In November 2010, the diplomatic cables leak revived the discussion for a period of time, when a senior Spanish prosecutor described "the strange case of the Arctic Sea ship in mid-2009 as 'a clear example' of arms trafficking."

===Trial===
As of 24 December 2010, six of the nine accused had pleaded guilty. One of them, Andrei Lunev, a Russian citizen, was believed to have made a plea bargain with the Russian prosecution service. He was tried with no contest and was sentenced to 5 years imprisonment on 7 May 2010. According to the Criminal Code of Russia such an offence is punishable by 5 to 10 years imprisonment, but the maximum term is increased to 15 years if an act of piracy is performed by an organised group.

Dmitry Savins, a citizen of Latvia who earlier pleaded guilty to Russian Prosecution Service, was sentenced to 7 years imprisonment on 11 June 2010. The Russian Prosecution service named Dmitry Savins as a leader of the hijack group. In his testimony, Savins named an Estonian businessman, diplomat and a former chief of the Estonian intelligence service Eerik-Niiles Kross as a mastermind of the operation. A German and an Israeli businessmen were named as related to the crime as well, although no evidence of that was disclosed.

On 3 December 2010, Russian court sentenced Sergei Demchenko, a Latvian businessman, to three years of imprisonment. He had earlier made a plea bargain with Russian Prosecution Service and the trial was with no contest. Amongst those publicly known to be arrested in relation to the hijack, Demchenko appears to be the only person who was not a member of the boarding group. Circumstances around Demchenko's trial have remained vague. Even the fact that he had allegedly been arrested was first reported by media on 1 December, yet as late as on 3 December 2010 it was not known to media when and where Russian police had detained him.

One of the six remaining accused requested a jury trial. This move caused some legal complications, as all the remaining accused had then to be tried by jury as a group. The case was assigned to Arkhangelsk Oblast Court (Arkhangelsk was considered the official place of residence for Arctic Sea crew) and the preliminary hearing was due to take place on 16 December 2010. In accordance with Russian law, earlier testimonies given by Savins et al. as part of a plea bargain would not have been admissible then in jury trial.

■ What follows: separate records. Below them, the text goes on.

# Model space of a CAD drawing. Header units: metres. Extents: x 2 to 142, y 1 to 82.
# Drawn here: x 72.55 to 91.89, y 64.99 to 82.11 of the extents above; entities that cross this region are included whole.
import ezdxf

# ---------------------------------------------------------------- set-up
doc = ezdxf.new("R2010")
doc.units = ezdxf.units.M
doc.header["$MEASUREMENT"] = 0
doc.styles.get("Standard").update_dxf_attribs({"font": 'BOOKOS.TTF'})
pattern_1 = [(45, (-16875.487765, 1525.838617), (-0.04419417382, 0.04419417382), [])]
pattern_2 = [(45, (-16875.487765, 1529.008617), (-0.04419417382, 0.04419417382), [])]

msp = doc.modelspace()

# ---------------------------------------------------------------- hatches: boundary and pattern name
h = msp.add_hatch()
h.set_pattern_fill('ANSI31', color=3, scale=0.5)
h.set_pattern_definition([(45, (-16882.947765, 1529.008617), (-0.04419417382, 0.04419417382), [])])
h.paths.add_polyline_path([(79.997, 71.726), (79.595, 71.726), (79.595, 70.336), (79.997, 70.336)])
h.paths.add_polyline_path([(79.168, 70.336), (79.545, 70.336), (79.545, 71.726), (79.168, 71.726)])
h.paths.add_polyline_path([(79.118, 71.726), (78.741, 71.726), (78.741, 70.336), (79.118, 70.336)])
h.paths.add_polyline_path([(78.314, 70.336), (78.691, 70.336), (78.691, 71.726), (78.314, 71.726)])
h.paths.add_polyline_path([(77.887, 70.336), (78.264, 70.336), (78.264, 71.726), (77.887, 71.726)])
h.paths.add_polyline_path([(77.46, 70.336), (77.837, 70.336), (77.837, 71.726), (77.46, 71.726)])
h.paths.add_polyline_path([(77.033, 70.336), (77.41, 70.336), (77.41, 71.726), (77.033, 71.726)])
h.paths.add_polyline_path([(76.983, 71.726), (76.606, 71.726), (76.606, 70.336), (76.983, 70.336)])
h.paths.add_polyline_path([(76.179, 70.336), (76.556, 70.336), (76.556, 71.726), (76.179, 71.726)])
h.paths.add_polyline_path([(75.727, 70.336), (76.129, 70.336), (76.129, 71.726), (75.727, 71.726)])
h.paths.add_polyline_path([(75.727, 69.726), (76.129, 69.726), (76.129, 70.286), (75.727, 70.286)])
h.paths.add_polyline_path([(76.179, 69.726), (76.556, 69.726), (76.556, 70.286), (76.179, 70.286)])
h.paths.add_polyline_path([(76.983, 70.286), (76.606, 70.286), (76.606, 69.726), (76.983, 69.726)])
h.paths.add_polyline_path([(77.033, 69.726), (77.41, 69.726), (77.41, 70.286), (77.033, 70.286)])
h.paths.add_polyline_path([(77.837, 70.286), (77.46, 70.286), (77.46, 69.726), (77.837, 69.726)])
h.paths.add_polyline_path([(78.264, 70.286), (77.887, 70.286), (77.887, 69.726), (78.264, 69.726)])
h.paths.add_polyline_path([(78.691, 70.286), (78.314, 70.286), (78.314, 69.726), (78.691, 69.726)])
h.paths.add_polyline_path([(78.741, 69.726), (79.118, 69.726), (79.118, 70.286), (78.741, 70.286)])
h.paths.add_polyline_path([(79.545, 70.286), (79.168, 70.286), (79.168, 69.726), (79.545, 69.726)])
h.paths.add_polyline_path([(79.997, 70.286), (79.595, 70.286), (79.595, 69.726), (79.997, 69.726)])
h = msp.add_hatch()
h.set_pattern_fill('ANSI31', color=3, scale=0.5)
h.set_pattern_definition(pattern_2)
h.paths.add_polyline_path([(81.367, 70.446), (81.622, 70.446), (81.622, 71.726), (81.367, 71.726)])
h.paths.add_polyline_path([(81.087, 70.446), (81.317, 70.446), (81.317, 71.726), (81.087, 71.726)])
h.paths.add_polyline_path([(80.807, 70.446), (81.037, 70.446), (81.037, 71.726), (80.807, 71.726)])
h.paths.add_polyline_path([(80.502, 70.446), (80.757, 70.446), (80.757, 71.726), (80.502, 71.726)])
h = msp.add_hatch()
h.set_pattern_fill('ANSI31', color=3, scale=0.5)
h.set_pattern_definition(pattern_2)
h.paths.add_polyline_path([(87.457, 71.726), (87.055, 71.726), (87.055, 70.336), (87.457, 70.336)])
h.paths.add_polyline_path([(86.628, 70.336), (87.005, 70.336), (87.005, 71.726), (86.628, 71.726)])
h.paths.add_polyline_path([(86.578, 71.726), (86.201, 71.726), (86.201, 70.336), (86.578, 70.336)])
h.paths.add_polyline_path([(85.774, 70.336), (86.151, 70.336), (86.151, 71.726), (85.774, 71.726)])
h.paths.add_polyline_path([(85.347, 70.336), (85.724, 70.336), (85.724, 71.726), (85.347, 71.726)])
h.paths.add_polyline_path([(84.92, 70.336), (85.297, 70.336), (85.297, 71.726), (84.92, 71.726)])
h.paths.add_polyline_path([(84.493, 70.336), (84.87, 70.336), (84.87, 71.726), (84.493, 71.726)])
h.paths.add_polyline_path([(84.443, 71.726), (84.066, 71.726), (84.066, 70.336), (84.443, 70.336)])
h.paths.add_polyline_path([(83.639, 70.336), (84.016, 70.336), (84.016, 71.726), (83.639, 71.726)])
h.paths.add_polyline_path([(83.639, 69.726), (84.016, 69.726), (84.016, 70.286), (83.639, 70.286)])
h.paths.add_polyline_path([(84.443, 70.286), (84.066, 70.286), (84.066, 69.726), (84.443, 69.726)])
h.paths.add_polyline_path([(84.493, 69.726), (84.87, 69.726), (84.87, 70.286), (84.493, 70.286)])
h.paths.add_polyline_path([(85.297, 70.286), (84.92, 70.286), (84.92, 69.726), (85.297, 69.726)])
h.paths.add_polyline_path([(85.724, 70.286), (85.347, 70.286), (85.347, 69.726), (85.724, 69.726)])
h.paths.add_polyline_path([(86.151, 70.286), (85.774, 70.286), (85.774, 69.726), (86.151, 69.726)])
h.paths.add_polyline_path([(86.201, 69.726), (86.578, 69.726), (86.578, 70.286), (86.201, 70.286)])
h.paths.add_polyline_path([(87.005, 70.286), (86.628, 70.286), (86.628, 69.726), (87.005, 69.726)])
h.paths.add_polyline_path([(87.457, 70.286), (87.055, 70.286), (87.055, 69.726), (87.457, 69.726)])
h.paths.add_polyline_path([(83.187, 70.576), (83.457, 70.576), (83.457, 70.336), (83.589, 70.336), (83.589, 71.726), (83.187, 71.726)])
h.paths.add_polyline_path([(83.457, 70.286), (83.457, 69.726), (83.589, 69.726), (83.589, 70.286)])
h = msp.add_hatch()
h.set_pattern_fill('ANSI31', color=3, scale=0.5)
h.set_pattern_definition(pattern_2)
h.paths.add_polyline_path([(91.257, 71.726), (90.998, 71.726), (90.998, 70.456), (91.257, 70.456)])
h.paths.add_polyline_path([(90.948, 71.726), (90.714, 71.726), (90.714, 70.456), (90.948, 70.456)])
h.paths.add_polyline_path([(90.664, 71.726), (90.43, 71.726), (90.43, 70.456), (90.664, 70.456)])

During the preliminary hearing it was revealed that the accused who had chosen a jury trial had reportedly changed their minds; therefore the outcome of the case remained subsequently to be decided by judges alone. On 24 March 2011, the court returned its verdict on the remaining accused and "the men – a Russian, a Latvian and an Estonian citizen, as well as three others described as stateless – were given sentences ranging from 7 to 12 years."